§ PROVIDED MATERIAL:
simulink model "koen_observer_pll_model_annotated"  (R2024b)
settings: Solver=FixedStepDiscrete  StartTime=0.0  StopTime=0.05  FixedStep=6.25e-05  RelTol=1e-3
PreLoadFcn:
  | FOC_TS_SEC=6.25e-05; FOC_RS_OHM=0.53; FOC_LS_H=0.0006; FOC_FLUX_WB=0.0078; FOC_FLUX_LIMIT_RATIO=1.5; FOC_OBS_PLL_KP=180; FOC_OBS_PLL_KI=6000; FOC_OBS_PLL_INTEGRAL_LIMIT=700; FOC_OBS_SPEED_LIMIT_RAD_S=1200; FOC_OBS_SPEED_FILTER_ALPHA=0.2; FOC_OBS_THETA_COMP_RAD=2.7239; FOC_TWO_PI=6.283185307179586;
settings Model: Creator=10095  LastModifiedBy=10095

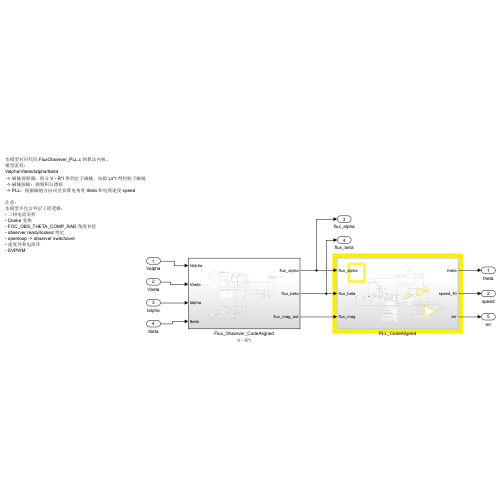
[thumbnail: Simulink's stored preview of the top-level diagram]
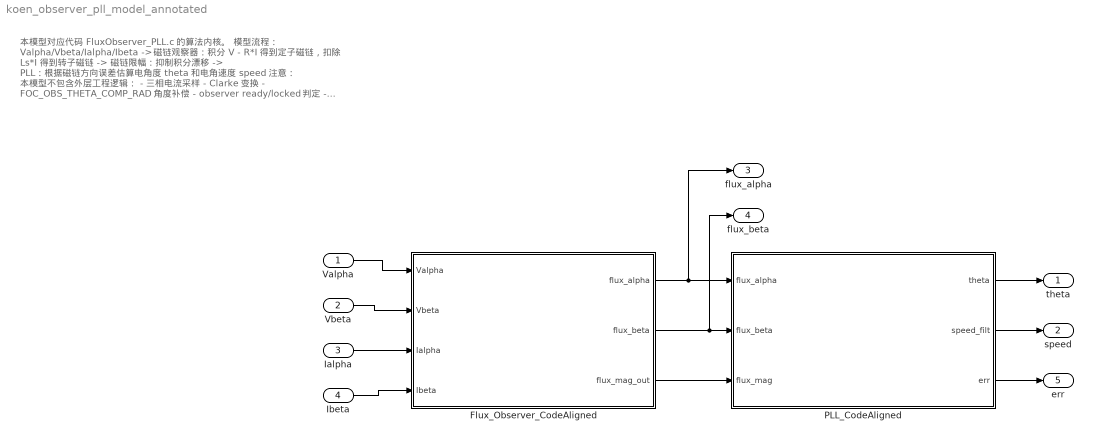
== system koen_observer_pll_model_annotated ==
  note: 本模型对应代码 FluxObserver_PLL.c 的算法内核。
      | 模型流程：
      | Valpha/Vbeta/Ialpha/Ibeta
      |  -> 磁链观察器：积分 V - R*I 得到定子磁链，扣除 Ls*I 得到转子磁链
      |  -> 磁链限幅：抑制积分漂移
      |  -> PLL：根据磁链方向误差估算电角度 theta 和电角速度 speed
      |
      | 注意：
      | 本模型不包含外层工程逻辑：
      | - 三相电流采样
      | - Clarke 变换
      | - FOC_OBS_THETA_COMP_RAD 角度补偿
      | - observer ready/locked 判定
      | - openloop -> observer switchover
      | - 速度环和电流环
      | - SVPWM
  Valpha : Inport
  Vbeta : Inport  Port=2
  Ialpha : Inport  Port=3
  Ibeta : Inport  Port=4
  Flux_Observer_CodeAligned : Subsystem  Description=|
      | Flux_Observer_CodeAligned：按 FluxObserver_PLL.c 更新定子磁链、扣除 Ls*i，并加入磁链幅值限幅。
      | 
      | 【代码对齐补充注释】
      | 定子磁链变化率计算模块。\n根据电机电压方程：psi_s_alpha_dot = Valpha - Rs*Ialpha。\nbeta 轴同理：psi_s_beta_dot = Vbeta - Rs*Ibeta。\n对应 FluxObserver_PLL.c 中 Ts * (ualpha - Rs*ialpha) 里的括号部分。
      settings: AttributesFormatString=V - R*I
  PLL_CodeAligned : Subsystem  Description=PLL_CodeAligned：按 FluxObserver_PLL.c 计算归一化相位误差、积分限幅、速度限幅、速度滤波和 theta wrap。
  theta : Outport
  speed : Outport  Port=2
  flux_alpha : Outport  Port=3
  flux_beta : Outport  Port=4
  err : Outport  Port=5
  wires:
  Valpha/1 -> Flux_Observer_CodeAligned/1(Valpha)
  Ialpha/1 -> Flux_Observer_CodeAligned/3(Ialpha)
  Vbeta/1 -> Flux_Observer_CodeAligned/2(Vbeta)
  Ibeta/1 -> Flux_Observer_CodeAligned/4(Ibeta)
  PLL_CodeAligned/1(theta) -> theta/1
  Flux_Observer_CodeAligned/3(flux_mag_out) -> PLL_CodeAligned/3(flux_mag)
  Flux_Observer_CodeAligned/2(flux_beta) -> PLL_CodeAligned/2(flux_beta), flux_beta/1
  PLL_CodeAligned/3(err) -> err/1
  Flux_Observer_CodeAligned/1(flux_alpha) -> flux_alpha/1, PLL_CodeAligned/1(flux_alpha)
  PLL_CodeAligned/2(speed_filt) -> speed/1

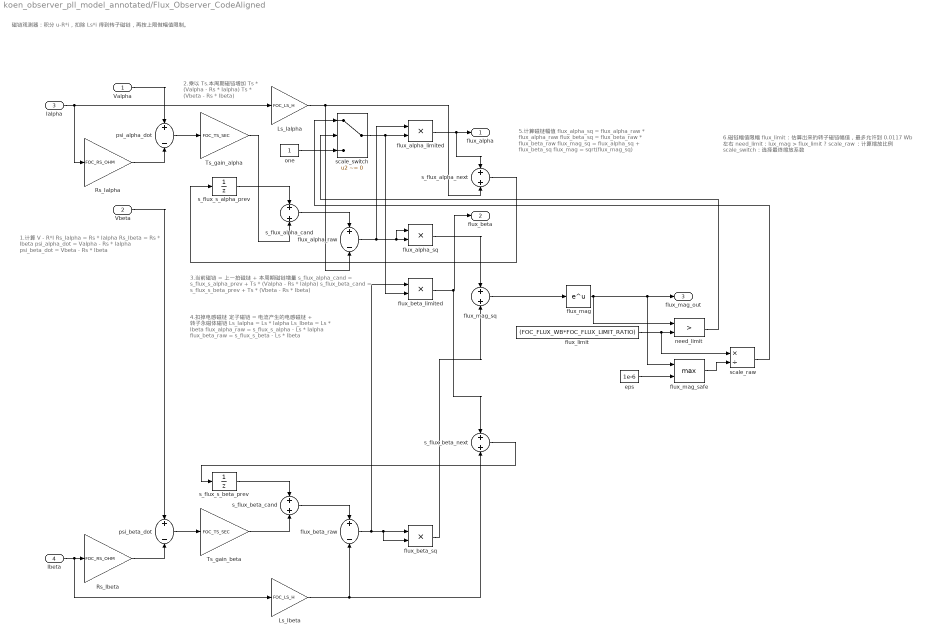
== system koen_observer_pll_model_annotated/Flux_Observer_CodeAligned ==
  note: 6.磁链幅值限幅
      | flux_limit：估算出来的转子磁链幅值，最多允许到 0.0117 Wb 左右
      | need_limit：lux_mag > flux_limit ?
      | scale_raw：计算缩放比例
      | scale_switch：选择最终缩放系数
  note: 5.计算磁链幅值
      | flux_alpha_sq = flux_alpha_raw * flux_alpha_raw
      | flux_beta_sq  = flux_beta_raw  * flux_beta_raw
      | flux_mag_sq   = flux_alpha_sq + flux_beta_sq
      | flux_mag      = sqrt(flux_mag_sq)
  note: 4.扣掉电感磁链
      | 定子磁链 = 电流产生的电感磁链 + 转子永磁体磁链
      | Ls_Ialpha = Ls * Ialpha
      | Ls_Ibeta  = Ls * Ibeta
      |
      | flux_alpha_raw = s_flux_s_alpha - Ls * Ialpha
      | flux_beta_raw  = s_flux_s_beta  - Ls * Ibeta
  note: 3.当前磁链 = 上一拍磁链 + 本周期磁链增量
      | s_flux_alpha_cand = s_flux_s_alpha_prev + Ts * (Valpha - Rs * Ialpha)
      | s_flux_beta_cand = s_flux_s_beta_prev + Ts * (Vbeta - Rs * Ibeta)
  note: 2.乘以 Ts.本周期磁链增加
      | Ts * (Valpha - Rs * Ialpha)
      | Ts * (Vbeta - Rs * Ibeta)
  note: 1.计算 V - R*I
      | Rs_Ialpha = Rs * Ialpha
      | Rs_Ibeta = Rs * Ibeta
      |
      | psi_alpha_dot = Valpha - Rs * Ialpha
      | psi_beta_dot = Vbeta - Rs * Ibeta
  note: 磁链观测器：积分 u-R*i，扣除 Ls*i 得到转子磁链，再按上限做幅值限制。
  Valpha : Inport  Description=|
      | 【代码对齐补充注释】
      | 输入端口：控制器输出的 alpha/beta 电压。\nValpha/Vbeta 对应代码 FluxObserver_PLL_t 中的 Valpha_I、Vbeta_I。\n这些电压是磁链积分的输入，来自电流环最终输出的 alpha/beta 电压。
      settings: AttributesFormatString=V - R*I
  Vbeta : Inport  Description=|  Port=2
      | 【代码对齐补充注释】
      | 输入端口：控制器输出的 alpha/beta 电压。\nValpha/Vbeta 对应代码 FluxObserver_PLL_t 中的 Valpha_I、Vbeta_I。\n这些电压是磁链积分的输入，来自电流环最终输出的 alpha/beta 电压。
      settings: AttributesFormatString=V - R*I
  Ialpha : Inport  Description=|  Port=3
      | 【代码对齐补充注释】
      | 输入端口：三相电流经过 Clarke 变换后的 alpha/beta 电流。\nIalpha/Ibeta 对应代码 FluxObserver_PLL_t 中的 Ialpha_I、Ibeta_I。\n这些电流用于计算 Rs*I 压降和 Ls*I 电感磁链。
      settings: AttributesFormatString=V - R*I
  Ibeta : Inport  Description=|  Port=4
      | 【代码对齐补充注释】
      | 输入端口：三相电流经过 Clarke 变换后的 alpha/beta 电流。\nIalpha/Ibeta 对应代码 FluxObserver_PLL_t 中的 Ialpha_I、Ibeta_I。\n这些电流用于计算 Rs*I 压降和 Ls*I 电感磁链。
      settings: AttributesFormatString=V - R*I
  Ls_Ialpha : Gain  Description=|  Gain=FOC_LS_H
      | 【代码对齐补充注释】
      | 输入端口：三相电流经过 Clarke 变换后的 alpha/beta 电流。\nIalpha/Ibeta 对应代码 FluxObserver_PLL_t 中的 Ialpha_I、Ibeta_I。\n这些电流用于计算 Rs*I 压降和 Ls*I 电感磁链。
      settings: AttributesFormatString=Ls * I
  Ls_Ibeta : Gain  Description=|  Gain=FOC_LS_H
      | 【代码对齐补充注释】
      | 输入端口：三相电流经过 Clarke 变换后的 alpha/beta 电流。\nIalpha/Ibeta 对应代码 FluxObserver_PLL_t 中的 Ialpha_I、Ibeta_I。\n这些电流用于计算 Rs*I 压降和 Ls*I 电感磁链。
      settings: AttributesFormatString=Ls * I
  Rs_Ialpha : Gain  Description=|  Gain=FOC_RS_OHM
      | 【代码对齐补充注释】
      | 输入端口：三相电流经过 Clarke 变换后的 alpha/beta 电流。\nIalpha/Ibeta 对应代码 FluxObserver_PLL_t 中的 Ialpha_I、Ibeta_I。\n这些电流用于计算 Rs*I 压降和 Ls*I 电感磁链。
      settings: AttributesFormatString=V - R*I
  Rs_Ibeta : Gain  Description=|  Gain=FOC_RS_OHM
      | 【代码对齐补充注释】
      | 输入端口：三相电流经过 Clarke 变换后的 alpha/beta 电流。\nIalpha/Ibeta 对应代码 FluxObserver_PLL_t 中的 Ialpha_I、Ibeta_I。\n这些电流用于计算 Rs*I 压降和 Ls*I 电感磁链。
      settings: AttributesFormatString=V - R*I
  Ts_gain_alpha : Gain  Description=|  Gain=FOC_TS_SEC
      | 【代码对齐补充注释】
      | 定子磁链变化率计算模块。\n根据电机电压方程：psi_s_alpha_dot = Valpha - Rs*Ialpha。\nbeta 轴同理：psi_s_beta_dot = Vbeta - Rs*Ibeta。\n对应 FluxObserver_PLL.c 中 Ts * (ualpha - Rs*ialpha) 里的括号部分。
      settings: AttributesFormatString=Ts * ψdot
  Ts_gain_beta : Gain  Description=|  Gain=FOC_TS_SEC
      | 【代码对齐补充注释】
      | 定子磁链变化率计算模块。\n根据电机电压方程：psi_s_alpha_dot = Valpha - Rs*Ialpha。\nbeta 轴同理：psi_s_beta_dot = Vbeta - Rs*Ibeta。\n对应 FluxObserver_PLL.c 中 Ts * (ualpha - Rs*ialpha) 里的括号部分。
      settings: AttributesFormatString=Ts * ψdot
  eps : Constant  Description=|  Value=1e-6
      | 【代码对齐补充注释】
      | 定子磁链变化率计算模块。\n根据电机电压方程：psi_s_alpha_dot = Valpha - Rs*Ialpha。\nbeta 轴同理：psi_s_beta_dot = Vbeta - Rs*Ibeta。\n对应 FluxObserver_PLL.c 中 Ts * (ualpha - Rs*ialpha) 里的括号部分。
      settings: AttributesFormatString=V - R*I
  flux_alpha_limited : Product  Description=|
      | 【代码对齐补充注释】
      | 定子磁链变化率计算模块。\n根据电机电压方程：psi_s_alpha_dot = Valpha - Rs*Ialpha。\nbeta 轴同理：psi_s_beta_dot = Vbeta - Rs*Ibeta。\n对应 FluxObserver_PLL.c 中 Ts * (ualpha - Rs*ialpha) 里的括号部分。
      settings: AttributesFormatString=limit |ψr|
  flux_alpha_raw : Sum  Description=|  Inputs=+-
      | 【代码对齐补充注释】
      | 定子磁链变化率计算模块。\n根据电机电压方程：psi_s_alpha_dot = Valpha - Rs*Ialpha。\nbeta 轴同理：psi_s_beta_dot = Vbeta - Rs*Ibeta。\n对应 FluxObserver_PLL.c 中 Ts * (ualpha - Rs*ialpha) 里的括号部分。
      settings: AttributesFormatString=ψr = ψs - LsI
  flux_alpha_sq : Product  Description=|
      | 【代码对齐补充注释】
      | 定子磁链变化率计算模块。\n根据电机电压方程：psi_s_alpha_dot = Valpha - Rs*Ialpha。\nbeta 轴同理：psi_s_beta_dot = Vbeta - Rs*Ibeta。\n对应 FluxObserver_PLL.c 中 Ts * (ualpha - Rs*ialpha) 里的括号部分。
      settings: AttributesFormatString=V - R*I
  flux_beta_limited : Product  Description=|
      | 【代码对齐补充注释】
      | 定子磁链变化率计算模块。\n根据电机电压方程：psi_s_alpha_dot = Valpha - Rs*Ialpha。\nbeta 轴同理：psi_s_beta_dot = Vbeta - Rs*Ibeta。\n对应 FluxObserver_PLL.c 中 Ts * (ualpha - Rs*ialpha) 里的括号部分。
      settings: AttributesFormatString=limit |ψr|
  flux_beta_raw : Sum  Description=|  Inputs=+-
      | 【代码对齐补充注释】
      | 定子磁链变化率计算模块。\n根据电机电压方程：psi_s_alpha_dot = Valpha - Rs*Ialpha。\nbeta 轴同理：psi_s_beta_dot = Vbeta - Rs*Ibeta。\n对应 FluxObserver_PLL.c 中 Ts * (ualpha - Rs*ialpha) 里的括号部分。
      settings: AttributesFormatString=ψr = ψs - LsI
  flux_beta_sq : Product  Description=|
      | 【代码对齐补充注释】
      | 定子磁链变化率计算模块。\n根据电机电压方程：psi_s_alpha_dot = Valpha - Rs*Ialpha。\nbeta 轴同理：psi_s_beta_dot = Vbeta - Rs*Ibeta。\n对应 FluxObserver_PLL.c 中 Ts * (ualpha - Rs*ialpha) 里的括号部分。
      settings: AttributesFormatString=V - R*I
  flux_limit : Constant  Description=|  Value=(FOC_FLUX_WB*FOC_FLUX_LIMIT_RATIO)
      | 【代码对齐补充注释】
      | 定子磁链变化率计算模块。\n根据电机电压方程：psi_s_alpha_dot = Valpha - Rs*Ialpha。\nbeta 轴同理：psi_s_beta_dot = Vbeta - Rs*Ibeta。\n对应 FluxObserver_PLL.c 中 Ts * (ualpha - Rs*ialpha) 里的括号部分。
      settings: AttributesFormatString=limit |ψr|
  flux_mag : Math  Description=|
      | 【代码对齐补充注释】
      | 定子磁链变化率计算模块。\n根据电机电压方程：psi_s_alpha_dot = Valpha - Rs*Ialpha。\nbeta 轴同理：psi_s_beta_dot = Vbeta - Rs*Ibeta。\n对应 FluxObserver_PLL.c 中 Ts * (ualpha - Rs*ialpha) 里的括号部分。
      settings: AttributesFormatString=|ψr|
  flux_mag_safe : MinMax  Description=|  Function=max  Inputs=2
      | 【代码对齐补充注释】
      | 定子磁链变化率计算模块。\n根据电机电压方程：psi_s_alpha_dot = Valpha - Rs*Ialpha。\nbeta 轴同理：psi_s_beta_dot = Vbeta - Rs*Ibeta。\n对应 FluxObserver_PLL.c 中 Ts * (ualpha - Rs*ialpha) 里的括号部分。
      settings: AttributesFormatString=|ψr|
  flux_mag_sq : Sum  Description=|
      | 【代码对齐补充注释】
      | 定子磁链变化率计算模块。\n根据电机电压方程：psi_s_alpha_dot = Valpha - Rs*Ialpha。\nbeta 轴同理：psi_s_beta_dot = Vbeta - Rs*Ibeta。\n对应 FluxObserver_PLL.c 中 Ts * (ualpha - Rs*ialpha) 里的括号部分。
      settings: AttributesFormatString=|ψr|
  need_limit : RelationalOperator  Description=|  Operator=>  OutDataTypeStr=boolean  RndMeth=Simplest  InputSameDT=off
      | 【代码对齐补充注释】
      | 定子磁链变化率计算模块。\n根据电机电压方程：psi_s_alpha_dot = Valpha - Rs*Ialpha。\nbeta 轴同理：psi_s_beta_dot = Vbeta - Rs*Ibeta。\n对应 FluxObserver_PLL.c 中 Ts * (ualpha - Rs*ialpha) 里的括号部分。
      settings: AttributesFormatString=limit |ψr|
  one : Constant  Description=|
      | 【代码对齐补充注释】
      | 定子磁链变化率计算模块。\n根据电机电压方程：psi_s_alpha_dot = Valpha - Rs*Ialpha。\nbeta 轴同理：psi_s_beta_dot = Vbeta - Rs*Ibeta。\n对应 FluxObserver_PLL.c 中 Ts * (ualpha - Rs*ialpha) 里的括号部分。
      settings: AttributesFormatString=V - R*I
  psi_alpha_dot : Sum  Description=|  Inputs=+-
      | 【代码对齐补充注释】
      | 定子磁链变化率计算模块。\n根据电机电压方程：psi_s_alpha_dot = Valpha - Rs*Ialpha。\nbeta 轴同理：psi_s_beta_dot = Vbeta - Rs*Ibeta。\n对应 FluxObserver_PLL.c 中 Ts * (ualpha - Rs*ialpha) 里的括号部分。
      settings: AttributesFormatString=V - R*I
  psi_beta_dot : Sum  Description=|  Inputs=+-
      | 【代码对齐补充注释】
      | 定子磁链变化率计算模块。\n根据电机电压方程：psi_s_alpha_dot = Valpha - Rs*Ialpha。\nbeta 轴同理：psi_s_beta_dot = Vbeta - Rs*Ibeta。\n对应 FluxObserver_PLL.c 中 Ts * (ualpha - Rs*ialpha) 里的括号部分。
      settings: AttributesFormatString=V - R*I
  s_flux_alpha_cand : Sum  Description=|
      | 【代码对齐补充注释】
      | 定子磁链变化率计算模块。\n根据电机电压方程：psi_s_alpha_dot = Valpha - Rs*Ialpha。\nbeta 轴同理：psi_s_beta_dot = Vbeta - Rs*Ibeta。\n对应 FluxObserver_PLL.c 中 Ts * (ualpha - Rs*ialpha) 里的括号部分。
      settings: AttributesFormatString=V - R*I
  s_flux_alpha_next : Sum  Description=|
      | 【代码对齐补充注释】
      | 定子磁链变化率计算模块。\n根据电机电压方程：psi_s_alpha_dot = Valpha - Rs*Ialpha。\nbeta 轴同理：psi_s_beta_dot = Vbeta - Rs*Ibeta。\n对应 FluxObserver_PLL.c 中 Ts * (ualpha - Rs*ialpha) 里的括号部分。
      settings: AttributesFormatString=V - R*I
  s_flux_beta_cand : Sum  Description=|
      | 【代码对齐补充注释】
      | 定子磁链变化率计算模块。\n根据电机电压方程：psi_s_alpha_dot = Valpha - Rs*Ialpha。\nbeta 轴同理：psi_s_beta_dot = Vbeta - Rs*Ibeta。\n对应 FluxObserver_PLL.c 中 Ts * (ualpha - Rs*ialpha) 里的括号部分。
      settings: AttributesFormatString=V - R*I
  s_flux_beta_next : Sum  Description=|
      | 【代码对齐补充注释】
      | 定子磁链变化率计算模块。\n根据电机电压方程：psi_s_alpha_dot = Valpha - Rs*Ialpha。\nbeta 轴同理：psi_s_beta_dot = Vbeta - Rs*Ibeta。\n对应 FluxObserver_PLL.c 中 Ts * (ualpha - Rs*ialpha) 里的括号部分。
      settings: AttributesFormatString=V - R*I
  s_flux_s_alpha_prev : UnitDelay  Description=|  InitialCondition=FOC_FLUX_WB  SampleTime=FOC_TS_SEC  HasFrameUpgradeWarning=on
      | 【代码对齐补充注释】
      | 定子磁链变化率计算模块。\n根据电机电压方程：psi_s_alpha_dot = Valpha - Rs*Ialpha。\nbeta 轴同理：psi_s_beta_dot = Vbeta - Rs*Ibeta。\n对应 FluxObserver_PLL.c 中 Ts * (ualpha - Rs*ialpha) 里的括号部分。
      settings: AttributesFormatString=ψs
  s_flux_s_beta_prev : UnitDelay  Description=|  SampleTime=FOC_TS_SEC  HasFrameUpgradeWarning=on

§ PROBLEM TO SOLVE: The answer consists of every line above in which the word "Gain" occurs.

§ FINISHED EXERCISE:
  Ls_Ialpha : Gain  Description=|  Gain=FOC_LS_H
  Ls_Ibeta : Gain  Description=|  Gain=FOC_LS_H
  Rs_Ialpha : Gain  Description=|  Gain=FOC_RS_OHM
  Rs_Ibeta : Gain  Description=|  Gain=FOC_RS_OHM
  Ts_gain_alpha : Gain  Description=|  Gain=FOC_TS_SEC
  Ts_gain_beta : Gain  Description=|  Gain=FOC_TS_SEC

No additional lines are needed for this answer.